Data records:
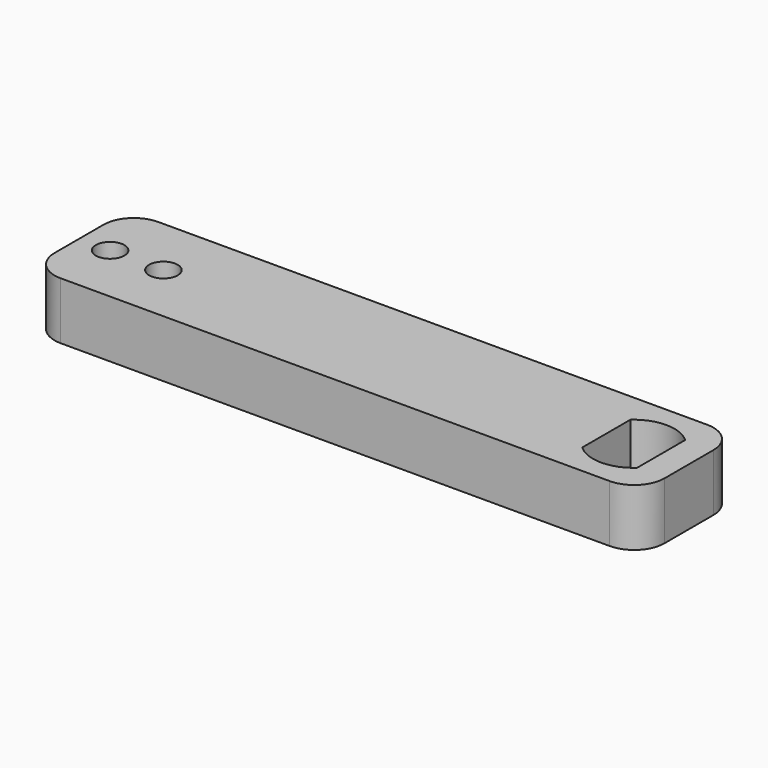
from build123d import *

# Parameters (mm, degrees)
F1_DEPTH = 4.7625
F2_R     = 2.54


# Not quite as in the source:
# - a length typed as a fraction of an inch, garbled in the dataset ("3 / 203.2 mm" for 3/8 in), is restored


with BuildPart() as f1:
    # F0 (on Top) → F1 (new body)
    with BuildSketch(Plane.XY):
        with BuildLine():
            Line((23.4723398992, 10.7888607308), (23.4723398992, 15.8688607308))
            Line((23.4723398992, 15.8688607308), (-27.3276601008, 15.8688607308))
            Line((-27.3276601008, 15.8688607308), (-27.3276601008, 10.7888607308))
            Line((-27.3276601008, 10.7888607308), (-25.9275856725, 10.7888607308))
            ThreePointArc((-25.9275856725, 10.7888607308), (-24.7369606725, 11.9794857308), (-23.5463356725, 10.7888607308))
            Line((-23.5463356725, 10.7888607308), (-21.4888538531, 10.7888607308))
            ThreePointArc((-21.4888538531, 10.7888607308), (-20.2982288531, 11.9794857308), (-19.1076038531, 10.7888607308))
            Line((-19.1076038531, 10.7888607308), (15.4761500436, 10.7888607308))
            ThreePointArc((15.4761500436, 10.7888607308), (15.7646477316, 12.1575472198), (16.5810500436, 13.2933380835))
            ThreePointArc((16.5810500436, 13.2933380835), (18.8670500436, 14.1797607308), (21.1530500436, 13.2933380835))
            ThreePointArc((21.1530500436, 13.2933380835), (21.9694523555, 12.1575472198), (22.2579500436, 10.7888607308))
            Line((22.2579500436, 10.7888607308), (23.4723398992, 10.7888607308))
        make_face()
        with BuildLine():
            Line((23.4723398992, 5.7088607308), (23.4723398992, 10.7888607308))
            Line((23.4723398992, 10.7888607308), (22.2579500436, 10.7888607308))
            ThreePointArc((22.2579500436, 10.7888607308), (21.9694523555, 9.4201742419), (21.1530500436, 8.2843833782))
            ThreePointArc((21.1530500436, 8.2843833782), (18.8670500436, 7.3979607308), (16.5810500436, 8.2843833782))
            ThreePointArc((16.5810500436, 8.2843833782), (15.7646477316, 9.4201742419), (15.4761500436, 10.7888607308))
            Line((15.4761500436, 10.7888607308), (-19.1076038531, 10.7888607308))
            ThreePointArc((-19.1076038531, 10.7888607308), (-20.2982288531, 9.5982357308), (-21.4888538531, 10.7888607308))
            Line((-21.4888538531, 10.7888607308), (-23.5463356725, 10.7888607308))
            ThreePointArc((-23.5463356725, 10.7888607308), (-24.7369606725, 9.5982357308), (-25.9275856725, 10.7888607308))
            Line((-25.9275856725, 10.7888607308), (-27.3276601008, 10.7888607308))
            Line((-27.3276601008, 10.7888607308), (-27.3276601008, 5.7088607308))
            Line((-27.3276601008, 5.7088607308), (23.4723398992, 5.7088607308))
        make_face()
        with BuildLine():
            Line((16.5810500436, 8.2843833782), (16.5810500436, 10.7888607308))
            Line((16.5810500436, 10.7888607308), (15.4761500436, 10.7888607308))
            ThreePointArc((15.4761500436, 10.7888607308), (15.7646477316, 9.4201742419), (16.5810500436, 8.2843833782))
        make_face()
        with BuildLine():
            Line((15.4761500436, 10.7888607308), (16.5810500436, 10.7888607308))
            Line((16.5810500436, 10.7888607308), (16.5810500436, 13.2933380835))
            ThreePointArc((16.5810500436, 13.2933380835), (15.7646477316, 12.1575472198), (15.4761500436, 10.7888607308))
        make_face()
        with BuildLine():
            Line((21.1530500436, 10.7888607308), (22.2579500436, 10.7888607308))
            ThreePointArc((22.2579500436, 10.7888607308), (21.9694523555, 12.1575472198), (21.1530500436, 13.2933380835))
            Line((21.1530500436, 13.2933380835), (21.1530500436, 10.7888607308))
        make_face()
        with BuildLine():
            ThreePointArc((21.1530500436, 8.2843833782), (21.9694523555, 9.4201742419), (22.2579500436, 10.7888607308))
            Line((22.2579500436, 10.7888607308), (21.1530500436, 10.7888607308))
            Line((21.1530500436, 10.7888607308), (21.1530500436, 8.2843833782))
        make_face()
    extrude(amount=F1_DEPTH)

    # F2
    f2_edges = [f1.edges().sort_by_distance(p)[0] for p in [
        (23.47234, 15.868861, 2.38125),
        (-27.32766, 15.868861, 2.38125),
        (-27.32766, 5.708861, 2.38125),
        (23.47234, 5.708861, 2.38125),
    ]]
    fillet(f2_edges, radius=F2_R)


solid = f1.part

● TASK DIRECTIONS:
Your answer must consist solely of the lines above between the line holding "11.9794857308), (-23.5463356725, 10.7888607308))" and the line holding "12.1575472198), (16.5810500436, 13.2933380835))", inclusive, copied exactly.

● TASK RESULT:
            ThreePointArc((-25.9275856725, 10.7888607308), (-24.7369606725, 11.9794857308), (-23.5463356725, 10.7888607308))
            Line((-23.5463356725, 10.7888607308), (-21.4888538531, 10.7888607308))
            ThreePointArc((-21.4888538531, 10.7888607308), (-20.2982288531, 11.9794857308), (-19.1076038531, 10.7888607308))
            Line((-19.1076038531, 10.7888607308), (15.4761500436, 10.7888607308))
            ThreePointArc((15.4761500436, 10.7888607308), (15.7646477316, 12.1575472198), (16.5810500436, 13.2933380835))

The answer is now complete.